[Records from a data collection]
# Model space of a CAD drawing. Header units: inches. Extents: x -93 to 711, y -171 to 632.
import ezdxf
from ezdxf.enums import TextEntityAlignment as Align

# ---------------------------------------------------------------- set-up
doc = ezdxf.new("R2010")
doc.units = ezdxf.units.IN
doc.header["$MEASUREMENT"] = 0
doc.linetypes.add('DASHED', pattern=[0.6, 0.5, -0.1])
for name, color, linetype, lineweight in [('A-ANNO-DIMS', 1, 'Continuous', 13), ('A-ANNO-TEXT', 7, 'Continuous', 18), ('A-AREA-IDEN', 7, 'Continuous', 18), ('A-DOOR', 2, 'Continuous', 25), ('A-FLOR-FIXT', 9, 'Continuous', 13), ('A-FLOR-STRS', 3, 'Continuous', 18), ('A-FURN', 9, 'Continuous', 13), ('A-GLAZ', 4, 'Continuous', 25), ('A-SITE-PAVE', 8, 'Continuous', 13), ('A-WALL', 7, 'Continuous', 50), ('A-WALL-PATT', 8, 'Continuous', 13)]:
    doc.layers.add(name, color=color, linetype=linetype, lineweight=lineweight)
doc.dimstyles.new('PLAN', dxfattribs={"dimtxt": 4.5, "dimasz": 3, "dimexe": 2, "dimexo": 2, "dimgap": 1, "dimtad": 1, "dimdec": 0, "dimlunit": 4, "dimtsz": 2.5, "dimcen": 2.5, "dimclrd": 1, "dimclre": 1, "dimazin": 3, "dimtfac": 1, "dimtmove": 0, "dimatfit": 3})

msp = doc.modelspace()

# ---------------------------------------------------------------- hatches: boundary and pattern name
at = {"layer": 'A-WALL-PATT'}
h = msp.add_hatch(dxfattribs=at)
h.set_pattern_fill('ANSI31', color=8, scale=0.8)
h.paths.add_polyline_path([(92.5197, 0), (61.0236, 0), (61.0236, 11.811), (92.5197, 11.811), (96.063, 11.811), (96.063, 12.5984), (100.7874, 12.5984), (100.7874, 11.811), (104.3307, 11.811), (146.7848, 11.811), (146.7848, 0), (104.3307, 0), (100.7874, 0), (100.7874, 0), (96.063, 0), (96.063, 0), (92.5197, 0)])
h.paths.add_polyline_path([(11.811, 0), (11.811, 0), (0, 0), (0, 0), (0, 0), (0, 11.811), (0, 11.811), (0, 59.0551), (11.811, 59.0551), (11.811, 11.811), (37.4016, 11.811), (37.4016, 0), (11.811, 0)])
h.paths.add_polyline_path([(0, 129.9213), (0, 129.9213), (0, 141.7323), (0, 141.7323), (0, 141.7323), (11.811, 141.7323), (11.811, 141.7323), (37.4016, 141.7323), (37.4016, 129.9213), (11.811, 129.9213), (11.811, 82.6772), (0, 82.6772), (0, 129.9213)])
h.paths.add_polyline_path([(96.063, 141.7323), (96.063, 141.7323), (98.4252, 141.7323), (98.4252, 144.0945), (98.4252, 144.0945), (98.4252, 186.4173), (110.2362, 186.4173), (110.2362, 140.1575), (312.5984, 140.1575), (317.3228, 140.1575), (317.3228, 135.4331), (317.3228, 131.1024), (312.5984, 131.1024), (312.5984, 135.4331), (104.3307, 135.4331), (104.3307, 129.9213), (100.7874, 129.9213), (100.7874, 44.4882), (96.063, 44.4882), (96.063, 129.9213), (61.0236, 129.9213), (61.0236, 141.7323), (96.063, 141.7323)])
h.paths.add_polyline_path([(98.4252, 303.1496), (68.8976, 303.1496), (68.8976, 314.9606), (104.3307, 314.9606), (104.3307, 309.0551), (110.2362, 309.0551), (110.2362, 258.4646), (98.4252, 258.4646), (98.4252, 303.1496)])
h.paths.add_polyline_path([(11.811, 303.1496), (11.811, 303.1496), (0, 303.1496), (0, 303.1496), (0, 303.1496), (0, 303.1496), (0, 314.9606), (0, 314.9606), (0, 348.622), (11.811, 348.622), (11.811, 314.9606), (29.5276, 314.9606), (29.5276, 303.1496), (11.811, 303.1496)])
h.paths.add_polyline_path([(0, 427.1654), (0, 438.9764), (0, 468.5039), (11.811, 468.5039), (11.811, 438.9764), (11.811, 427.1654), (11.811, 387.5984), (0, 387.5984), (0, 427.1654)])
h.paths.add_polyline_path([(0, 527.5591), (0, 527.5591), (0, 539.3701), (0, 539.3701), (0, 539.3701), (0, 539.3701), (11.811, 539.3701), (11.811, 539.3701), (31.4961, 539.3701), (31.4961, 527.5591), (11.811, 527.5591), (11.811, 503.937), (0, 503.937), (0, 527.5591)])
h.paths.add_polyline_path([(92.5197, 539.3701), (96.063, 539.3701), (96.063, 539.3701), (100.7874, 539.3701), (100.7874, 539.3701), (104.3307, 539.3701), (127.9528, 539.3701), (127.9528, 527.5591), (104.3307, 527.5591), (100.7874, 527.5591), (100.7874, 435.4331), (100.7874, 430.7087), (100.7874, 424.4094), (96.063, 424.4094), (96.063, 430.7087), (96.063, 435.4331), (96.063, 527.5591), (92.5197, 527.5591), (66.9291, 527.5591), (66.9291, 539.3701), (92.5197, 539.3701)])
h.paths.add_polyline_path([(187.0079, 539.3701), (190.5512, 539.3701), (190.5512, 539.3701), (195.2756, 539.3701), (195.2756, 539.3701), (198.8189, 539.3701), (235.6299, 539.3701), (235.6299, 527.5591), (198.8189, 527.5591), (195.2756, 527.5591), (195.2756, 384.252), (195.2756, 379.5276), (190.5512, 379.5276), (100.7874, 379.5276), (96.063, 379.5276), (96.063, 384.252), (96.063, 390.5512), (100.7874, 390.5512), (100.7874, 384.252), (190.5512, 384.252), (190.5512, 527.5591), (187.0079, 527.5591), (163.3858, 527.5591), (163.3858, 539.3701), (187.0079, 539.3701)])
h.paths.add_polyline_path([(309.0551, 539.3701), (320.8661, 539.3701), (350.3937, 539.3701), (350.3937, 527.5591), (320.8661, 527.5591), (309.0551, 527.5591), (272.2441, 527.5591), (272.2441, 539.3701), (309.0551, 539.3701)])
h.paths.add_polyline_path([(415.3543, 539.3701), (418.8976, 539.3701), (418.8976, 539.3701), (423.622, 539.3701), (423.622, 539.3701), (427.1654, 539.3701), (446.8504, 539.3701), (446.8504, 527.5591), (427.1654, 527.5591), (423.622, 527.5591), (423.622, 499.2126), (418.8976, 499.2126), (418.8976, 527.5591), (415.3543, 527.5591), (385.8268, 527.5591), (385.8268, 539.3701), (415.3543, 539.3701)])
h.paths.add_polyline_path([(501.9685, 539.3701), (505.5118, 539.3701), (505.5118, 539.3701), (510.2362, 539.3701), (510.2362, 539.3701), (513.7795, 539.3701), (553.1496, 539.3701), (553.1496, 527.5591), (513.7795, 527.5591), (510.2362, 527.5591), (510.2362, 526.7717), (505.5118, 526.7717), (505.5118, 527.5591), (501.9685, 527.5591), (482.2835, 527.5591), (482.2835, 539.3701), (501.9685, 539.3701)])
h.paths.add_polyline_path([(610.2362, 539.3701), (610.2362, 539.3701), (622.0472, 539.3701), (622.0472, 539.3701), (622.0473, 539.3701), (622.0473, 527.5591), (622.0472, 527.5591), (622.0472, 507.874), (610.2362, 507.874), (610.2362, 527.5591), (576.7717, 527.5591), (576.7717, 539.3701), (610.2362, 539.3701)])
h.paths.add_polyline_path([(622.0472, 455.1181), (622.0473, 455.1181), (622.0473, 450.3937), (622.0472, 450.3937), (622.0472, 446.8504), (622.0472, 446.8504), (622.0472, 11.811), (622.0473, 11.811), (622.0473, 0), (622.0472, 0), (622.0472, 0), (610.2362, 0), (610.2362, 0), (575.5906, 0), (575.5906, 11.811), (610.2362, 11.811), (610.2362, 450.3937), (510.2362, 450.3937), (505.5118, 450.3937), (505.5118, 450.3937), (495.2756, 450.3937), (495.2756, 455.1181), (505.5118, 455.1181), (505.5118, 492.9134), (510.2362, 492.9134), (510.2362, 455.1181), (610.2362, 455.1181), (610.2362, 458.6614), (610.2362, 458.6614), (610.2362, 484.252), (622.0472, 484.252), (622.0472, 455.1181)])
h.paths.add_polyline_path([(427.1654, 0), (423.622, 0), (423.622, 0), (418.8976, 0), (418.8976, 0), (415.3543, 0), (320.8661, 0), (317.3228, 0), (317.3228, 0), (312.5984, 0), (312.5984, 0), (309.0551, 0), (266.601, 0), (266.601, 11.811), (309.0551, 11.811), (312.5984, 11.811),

▸ **Your instructions**: From the entries, report each line that includes the word "WALL".

▸ **Exercise response**:
for name, color, linetype, lineweight in [('A-ANNO-DIMS', 1, 'Continuous', 13), ('A-ANNO-TEXT', 7, 'Continuous', 18), ('A-AREA-IDEN', 7, 'Continuous', 18), ('A-DOOR', 2, 'Continuous', 25), ('A-FLOR-FIXT', 9, 'Continuous', 13), ('A-FLOR-STRS', 3, 'Continuous', 18), ('A-FURN', 9, 'Continuous', 13), ('A-GLAZ', 4, 'Continuous', 25), ('A-SITE-PAVE', 8, 'Continuous', 13), ('A-WALL', 7, 'Continuous', 50), ('A-WALL-PATT', 8, 'Continuous', 13)]:
at = {"layer": 'A-WALL-PATT'}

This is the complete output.